TRY IT => Print the records below exactly as they appear. Omit all pictures.

Data excerpts
##########

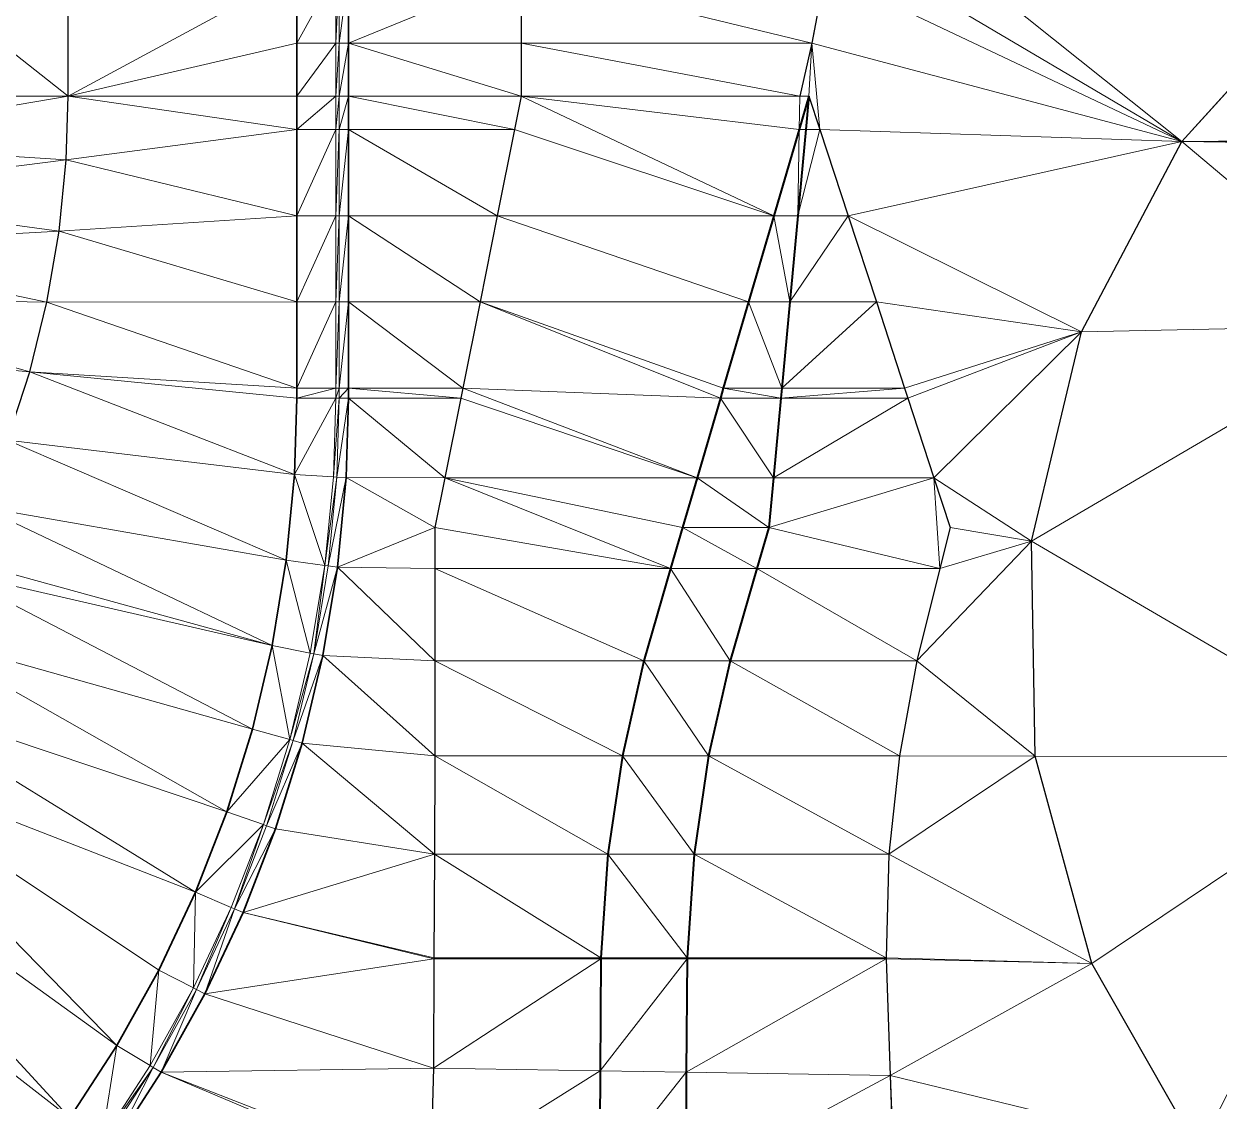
# Model space of a CAD drawing. Header units: metres. Extents: x 246428 to 246884, y 7418966 to 7419490.
# Drawn here: x 246764.42 to 246778.27, y 7419380.21 to 7419392.69 of the extents above; entities that cross this region are included whole.
import ezdxf

# ---------------------------------------------------------------- set-up
doc = ezdxf.new("R2010")
doc.units = ezdxf.units.M
doc.linetypes.add('blank name', pattern=[0])
doc.linetypes.add('HIDDEN', pattern=[9.525, 6.35, -3.175])
doc.layers.add('_12D_UNMAPPED', color=7, linetype='Continuous')
for name, color, linetype, lineweight in [('BATTER', 250, 'HIDDEN', 25), ('DRAINAGE_SWALE', 7, 'CHANNEL_DASHDOT_X4', 40), ('GRADELINES', 250, 'HIDDEN', 25)]:
    doc.layers.add(name, color=color, linetype=linetype, lineweight=lineweight)
for name, color, linetype, lineweight, true_color in [('KERB_BACK', 7, 'Continuous', 35, 0x5fd2ff), ('KERB_LINE', 7, 'Continuous', 18, 0xb9b9b9), ('KERB_LIP', 7, 'Continuous', 35, 0x5fd2ff), ('KERB_TOP', 7, 'Continuous', 18, 0xb9b9b9)]:
    doc.layers.add(name, color=color, linetype=linetype, lineweight=lineweight, true_color=true_color)
doc.styles.get("Standard").update_dxf_attribs({"font": 'romans.shx', "width": 0.65})
doc.linetypes.add('CHANNEL_DASHDOT_X4', pattern='A,6,-1,1,-1,0.004,[">",Standard,S=4,R=0,X=0,Y=-1.7144],0.004,1,-1,6,-1,1,-1', length=20.008)

msp = doc.modelspace()

# ---------------------------------------------------------------- linework, layer by layer
at = {"layer": '_12D_UNMAPPED', "color": 3, "linetype": 'blank name', "lineweight": 0}
for points in [[(246773.966, 7419394.42, 35.722), (246777.837, 7419391.329, 36.244), (246773.803, 7419393.712, 35.729)], [(246777.837, 7419391.329, 36.244), (246773.966, 7419394.42, 35.722), (246779.511, 7419393.176, 36.268)], [(246764.929, 7419391.855, 36.16), (246761.779, 7419391.855, 36.138), (246761.779, 7419394.343, 36.16)], [(246764.929, 7419394.343, 36.204), (246764.929, 7419391.855, 36.16), (246761.779, 7419394.343, 36.16)], [(246764.929, 7419391.855, 36.16), (246764.929, 7419394.343, 36.204), (246767.579, 7419393.287, 36.215)], [(246773.803, 7419393.712, 35.729), (246777.837, 7419391.329, 36.244), (246773.701, 7419393.287, 35.733)], [(246764.929, 7419391.855, 36.16), (246767.579, 7419393.287, 36.215), (246767.579, 7419392.469, 36.197)], [(246767.579, 7419392.469, 36.197), (246768.029, 7419393.287, 36.19), (246768.029, 7419392.469, 36.172)], [(246767.579, 7419392.469, 36.197), (246767.579, 7419393.287, 36.215), (246768.029, 7419393.287, 36.19)], [(246768.029, 7419392.469, 36.172), (246768.029, 7419393.287, 36.19), (246768.069, 7419393.287, 36.34)], [(246768.029, 7419392.469, 36.172), (246768.069, 7419393.287, 36.34), (246768.069, 7419392.469, 36.322)], [(246768.069, 7419392.469, 36.322), (246768.069, 7419393.287, 36.34), (246768.179, 7419393.287, 36.34)], [(246768.069, 7419392.469, 36.322), (246768.179, 7419393.287, 36.34), (246768.179, 7419392.469, 36.322)], [(246768.179, 7419392.469, 36.322), (246768.179, 7419393.287, 36.34), (246770.179, 7419393.287, 36.32)], [(246768.179, 7419392.469, 36.322), (246770.179, 7419393.287, 36.32), (246770.179, 7419392.469, 36.302)], [(246770.179, 7419393.287, 36.32), (246773.701, 7419393.287, 35.733), (246773.55, 7419392.469, 35.741)], [(246770.179, 7419392.469, 36.302), (246770.179, 7419393.287, 36.32), (246773.55, 7419392.469, 35.741)], [(246773.701, 7419393.287, 35.733), (246777.837, 7419391.329, 36.244), (246773.55, 7419392.469, 35.741)], [(246780.379, 7419391.352, 36.257), (246777.837, 7419391.329, 36.244), (246779.511, 7419393.176, 36.268)], [(246764.929, 7419391.855, 36.16), (246767.579, 7419392.469, 36.197), (246767.579, 7419391.855, 36.18)], [(246767.579, 7419391.855, 36.18), (246767.579, 7419392.469, 36.197), (246768.029, 7419392.469, 36.172)], [(246767.579, 7419391.855, 36.18), (246768.029, 7419392.469, 36.172), (246768.029, 7419391.855, 36.155)], [(246768.029, 7419391.855, 36.155), (246768.029, 7419392.469, 36.172), (246768.069, 7419392.469, 36.322)], [(246768.029, 7419391.855, 36.155), (246768.069, 7419392.469, 36.322), (246768.069, 7419391.855, 36.305)], [(246768.069, 7419391.855, 36.305), (246768.069, 7419392.469, 36.322), (246768.179, 7419392.469, 36.322)], [(246768.069, 7419391.855, 36.305), (246768.179, 7419392.469, 36.322), (246768.179, 7419391.855, 36.305)], [(246768.179, 7419391.855, 36.305), (246768.179, 7419392.469, 36.322), (246770.179, 7419391.855, 36.285)], [(246768.179, 7419392.469, 36.322), (246770.179, 7419392.469, 36.302), (246770.179, 7419391.855, 36.285)], [(246770.179, 7419392.469, 36.302), (246773.55, 7419392.469, 35.741), (246773.409, 7419391.855, 35.746)], [(246770.179, 7419391.855, 36.285), (246770.179, 7419392.469, 36.302), (246773.409, 7419391.855, 35.746)], [(246773.409, 7419391.855, 35.746), (246773.55, 7419392.469, 35.741), (246773.514, 7419391.855, 35.748)], [(246773.55, 7419392.469, 35.741), (246773.64, 7419391.469, 35.782), (246773.514, 7419391.855, 35.748)], [(246777.837, 7419391.329, 36.244), (246773.64, 7419391.469, 35.782), (246773.55, 7419392.469, 35.741)], [(246764.929, 7419391.855, 36.16), (246764.906, 7419391.118, 36.146), (246761.763, 7419391.317, 36.132)], [(246764.929, 7419391.855, 36.16), (246761.763, 7419391.317, 36.132), (246761.779, 7419391.855, 36.138)], [(246764.906, 7419391.118, 36.146), (246764.929, 7419391.855, 36.16), (246767.579, 7419391.469, 36.168)], [(246767.579, 7419391.469, 36.168), (246764.929, 7419391.855, 36.16), (246767.579, 7419391.855, 36.18)], [(246764.929, 7419391.855, 36.16), (246767.579, 7419391.855, 36.18), (246767.579, 7419391.855, 36.18)], [(246768.029, 7419391.469, 36.143), (246767.579, 7419391.469, 36.168), (246768.029, 7419391.855, 36.155)], [(246767.579, 7419391.469, 36.168), (246767.579, 7419391.855, 36.18), (246768.029, 7419391.855, 36.155)], [(246767.579, 7419391.855, 36.18), (246768.029, 7419391.855, 36.155), (246768.029, 7419391.855, 36.155)], [(246767.579, 7419391.855, 36.18), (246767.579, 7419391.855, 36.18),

##########

ANSWER TO THIS EXERCISE =>
# Model space of a CAD drawing. Header units: metres. Extents: x 246428 to 246884, y 7418966 to 7419490.
# Drawn here: x 246764.42 to 246778.27, y 7419380.21 to 7419392.69 of the extents above; entities that cross this region are included whole.
import ezdxf

# ---------------------------------------------------------------- set-up
doc = ezdxf.new("R2010")
doc.units = ezdxf.units.M
doc.linetypes.add('blank name', pattern=[0])
doc.linetypes.add('HIDDEN', pattern=[9.525, 6.35, -3.175])
doc.layers.add('_12D_UNMAPPED', color=7, linetype='Continuous')
for name, color, linetype, lineweight in [('BATTER', 250, 'HIDDEN', 25), ('DRAINAGE_SWALE', 7, 'CHANNEL_DASHDOT_X4', 40), ('GRADELINES', 250, 'HIDDEN', 25)]:
    doc.layers.add(name, color=color, linetype=linetype, lineweight=lineweight)
for name, color, linetype, lineweight, true_color in [('KERB_BACK', 7, 'Continuous', 35, 0x5fd2ff), ('KERB_LINE', 7, 'Continuous', 18, 0xb9b9b9), ('KERB_LIP', 7, 'Continuous', 35, 0x5fd2ff), ('KERB_TOP', 7, 'Continuous', 18, 0xb9b9b9)]:
    doc.layers.add(name, color=color, linetype=linetype, lineweight=lineweight, true_color=true_color)
doc.styles.get("Standard").update_dxf_attribs({"font": 'romans.shx', "width": 0.65})
doc.linetypes.add('CHANNEL_DASHDOT_X4', pattern='A,6,-1,1,-1,0.004,[">",Standard,S=4,R=0,X=0,Y=-1.7144],0.004,1,-1,6,-1,1,-1', length=20.008)

msp = doc.modelspace()

# ---------------------------------------------------------------- linework, layer by layer
at = {"layer": '_12D_UNMAPPED', "color": 3, "linetype": 'blank name', "lineweight": 0}
for points in [[(246773.966, 7419394.42, 35.722), (246777.837, 7419391.329, 36.244), (246773.803, 7419393.712, 35.729)], [(246777.837, 7419391.329, 36.244), (246773.966, 7419394.42, 35.722), (246779.511, 7419393.176, 36.268)], [(246764.929, 7419391.855, 36.16), (246761.779, 7419391.855, 36.138), (246761.779, 7419394.343, 36.16)], [(246764.929, 7419394.343, 36.204), (246764.929, 7419391.855, 36.16), (246761.779, 7419394.343, 36.16)], [(246764.929, 7419391.855, 36.16), (246764.929, 7419394.343, 36.204), (246767.579, 7419393.287, 36.215)], [(246773.803, 7419393.712, 35.729), (246777.837, 7419391.329, 36.244), (246773.701, 7419393.287, 35.733)], [(246764.929, 7419391.855, 36.16), (246767.579, 7419393.287, 36.215), (246767.579, 7419392.469, 36.197)], [(246767.579, 7419392.469, 36.197), (246768.029, 7419393.287, 36.19), (246768.029, 7419392.469, 36.172)], [(246767.579, 7419392.469, 36.197), (246767.579, 7419393.287, 36.215), (246768.029, 7419393.287, 36.19)], [(246768.029, 7419392.469, 36.172), (246768.029, 7419393.287, 36.19), (246768.069, 7419393.287, 36.34)], [(246768.029, 7419392.469, 36.172), (246768.069, 7419393.287, 36.34), (246768.069, 7419392.469, 36.322)], [(246768.069, 7419392.469, 36.322), (246768.069, 7419393.287, 36.34), (246768.179, 7419393.287, 36.34)], [(246768.069, 7419392.469, 36.322), (246768.179, 7419393.287, 36.34), (246768.179, 7419392.469, 36.322)], [(246768.179, 7419392.469, 36.322), (246768.179, 7419393.287, 36.34), (246770.179, 7419393.287, 36.32)], [(246768.179, 7419392.469, 36.322), (246770.179, 7419393.287, 36.32), (246770.179, 7419392.469, 36.302)], [(246770.179, 7419393.287, 36.32), (246773.701, 7419393.287, 35.733), (246773.55, 7419392.469, 35.741)], [(246770.179, 7419392.469, 36.302), (246770.179, 7419393.287, 36.32), (246773.55, 7419392.469, 35.741)], [(246773.701, 7419393.287, 35.733), (246777.837, 7419391.329, 36.244), (246773.55, 7419392.469, 35.741)], [(246780.379, 7419391.352, 36.257), (246777.837, 7419391.329, 36.244), (246779.511, 7419393.176, 36.268)], [(246764.929, 7419391.855, 36.16), (246767.579, 7419392.469, 36.197), (246767.579, 7419391.855, 36.18)], [(246767.579, 7419391.855, 36.18), (246767.579, 7419392.469, 36.197), (246768.029, 7419392.469, 36.172)], [(246767.579, 7419391.855, 36.18), (246768.029, 7419392.469, 36.172), (246768.029, 7419391.855, 36.155)], [(246768.029, 7419391.855, 36.155), (246768.029, 7419392.469, 36.172), (246768.069, 7419392.469, 36.322)], [(246768.029, 7419391.855, 36.155), (246768.069, 7419392.469, 36.322), (246768.069, 7419391.855, 36.305)], [(246768.069, 7419391.855, 36.305), (246768.069, 7419392.469, 36.322), (246768.179, 7419392.469, 36.322)], [(246768.069, 7419391.855, 36.305), (246768.179, 7419392.469, 36.322), (246768.179, 7419391.855, 36.305)], [(246768.179, 7419391.855, 36.305), (246768.179, 7419392.469, 36.322), (246770.179, 7419391.855, 36.285)], [(246768.179, 7419392.469, 36.322), (246770.179, 7419392.469, 36.302), (246770.179, 7419391.855, 36.285)], [(246770.179, 7419392.469, 36.302), (246773.55, 7419392.469, 35.741), (246773.409, 7419391.855, 35.746)], [(246770.179, 7419391.855, 36.285), (246770.179, 7419392.469, 36.302), (246773.409, 7419391.855, 35.746)], [(246773.409, 7419391.855, 35.746), (246773.55, 7419392.469, 35.741), (246773.514, 7419391.855, 35.748)], [(246773.55, 7419392.469, 35.741), (246773.64, 7419391.469, 35.782), (246773.514, 7419391.855, 35.748)], [(246777.837, 7419391.329, 36.244), (246773.64, 7419391.469, 35.782), (246773.55, 7419392.469, 35.741)], [(246764.929, 7419391.855, 36.16), (246764.906, 7419391.118, 36.146), (246761.763, 7419391.317, 36.132)], [(246764.929, 7419391.855, 36.16), (246761.763, 7419391.317, 36.132), (246761.779, 7419391.855, 36.138)], [(246764.906, 7419391.118, 36.146), (246764.929, 7419391.855, 36.16), (246767.579, 7419391.469, 36.168)], [(246767.579, 7419391.469, 36.168), (246764.929, 7419391.855, 36.16), (246767.579, 7419391.855, 36.18)], [(246764.929, 7419391.855, 36.16), (246767.579, 7419391.855, 36.18), (246767.579, 7419391.855, 36.18)], [(246768.029, 7419391.469, 36.143), (246767.579, 7419391.469, 36.168), (246768.029, 7419391.855, 36.155)], [(246767.579, 7419391.469, 36.168), (246767.579, 7419391.855, 36.18), (246768.029, 7419391.855, 36.155)], [(246767.579, 7419391.855, 36.18), (246768.029, 7419391.855, 36.155), (246768.029, 7419391.855, 36.155)], [(246767.579, 7419391.855, 36.18), (246767.579, 7419391.855, 36.18),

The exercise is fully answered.